March 7, 2008
LINDA JOSEPH, APPELLANT,
BOARD OF REVIEW, DEPARTMENT OF LABOR AND TRUMP PLAZA ASSOCIATES, RESPONDENTS.
On appeal from the decision of the Board of Review.
NOT FOR PUBLICATION WITHOUT THE APPROVAL OF THE APPELLATE DIVISION
Submitted February 25, 2008
Before Judges A.A. Rodríguez and C.S. Fisher.
Appellant Linda Joseph seeks our review of a final agency decision, which found her disqualified for unemployment benefits and which required a refund of benefits previously paid in the amount of $722.
After a careful review of the record in light of the arguments raised, we find the matter susceptible to summary disposition, which we will sua sponte grant. We find insufficient merit in appellant's arguments to warrant discussion in a written opinion, R. 2:11-3(e)(1)(D) and (E), and affirm. We add only the following comments.
N.J.S.A. 43:21-5(a) renders a person, who leaves work voluntarily and not for good cause attributable to the work, ineligible for unemployment benefits. Appellant worked as a banquet waitress for respondent Trump Plaza Associates. As a result of back and nerve disorders, she was placed on temporary disability. Her doctor eventually provided a note saying that she could return to work "without restriction." Appellant, however, did not return because she did not feel she could do the heavy lifting required by the job. The Appeal Tribunal found that appellant spoke with the banquet manager who told her that there was no other work in the banquet department but that she could call Human Resources to see if she could transfer to another department. According to the agency findings, appellant did not call Human Resources and did not return to work. As a result, the Appeal Tribunal, affirmed by the Board of Review, found that appellant did not submit medical documentation to show that she could not do the job and did not pursue the possibility of other work with her employer.
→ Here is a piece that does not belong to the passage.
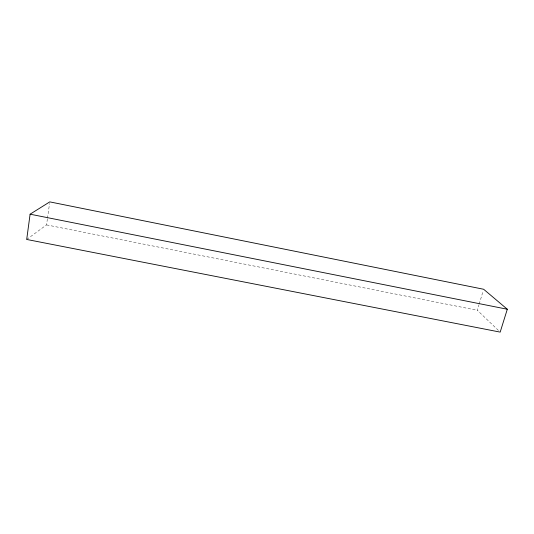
<?xml version="1.0" encoding="UTF-8"?>
<svg xmlns="http://www.w3.org/2000/svg" width="534" height="534" viewBox="0 0 534 534"><rect width="100%" height="100%" fill="white"/><g stroke="black" fill="none" stroke-linecap="round" stroke-linejoin="round"><path stroke-width="0.4" stroke-dasharray="2.67 2" d="M26.7 239.452L46.538 224.901L47.352 219.147M47.466 218.326L49.555 203.527M498.376 330.392L477.329 310.274L478.965 304.827M479.198 304.053L483.177 290.816M46.538 224.901L477.329 310.274"/><path stroke-width="0.8" d="M30.104 214.187L26.7 239.452L500.178 332.115L507.3 309.239L483.644 289.261L49.782 201.885L30.104 214.187L507.3 309.239"/></g></svg>
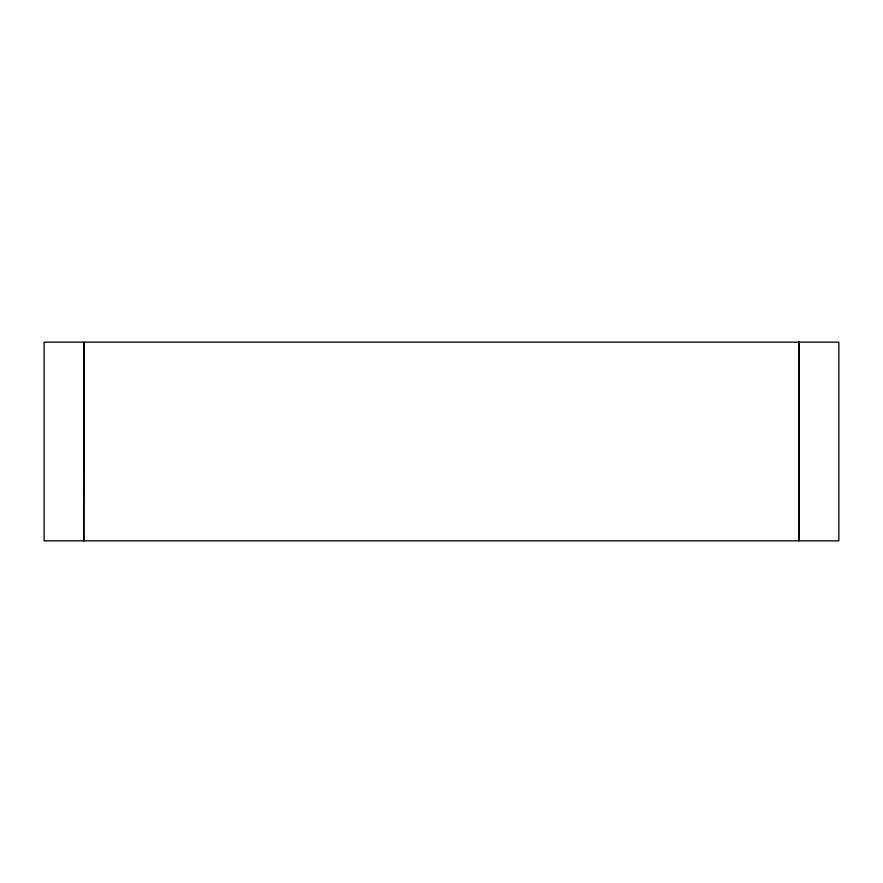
<?xml version="1.0" encoding="UTF-8"?>
<svg xmlns="http://www.w3.org/2000/svg" width="883" height="883" viewBox="0 0 883 883"><rect width="100%" height="100%" fill="white"/><g stroke="black" fill="none" stroke-linecap="round" stroke-linejoin="round"><path stroke-width="1.32" d="M83.686 540.837L83.885 342.163L83.885 540.837M799.115 342.163L798.916 540.837L44.15 540.837L44.15 342.163L838.85 342.163L838.85 540.837L799.115 540.837L799.115 342.163"/></g></svg>

It was appellant's burden to show by competent medical proof that the work aggravated or caused a medical condition or made it harder to recover from one. Israel v. Bally's Park Place, Inc., 283 N.J. Super. 1, 5-6 (App. Div. 1995), certif. denied, 143 N.J. 326 (1996). N.J.A.C. 12:17-9.3 requires that "[w]hen an individual leaves work for health or medical reasons, medical certification shall be required to support a finding of good cause attributable to work." There is no such proof in this record. And, because we will defer to the findings of administrative agencies when they have support in the record, Shuster v. Board of Review, 396 N.J. Super. 240, 245-46 (App. Div. 2007), as here, we have no reason to second guess the Board's determination.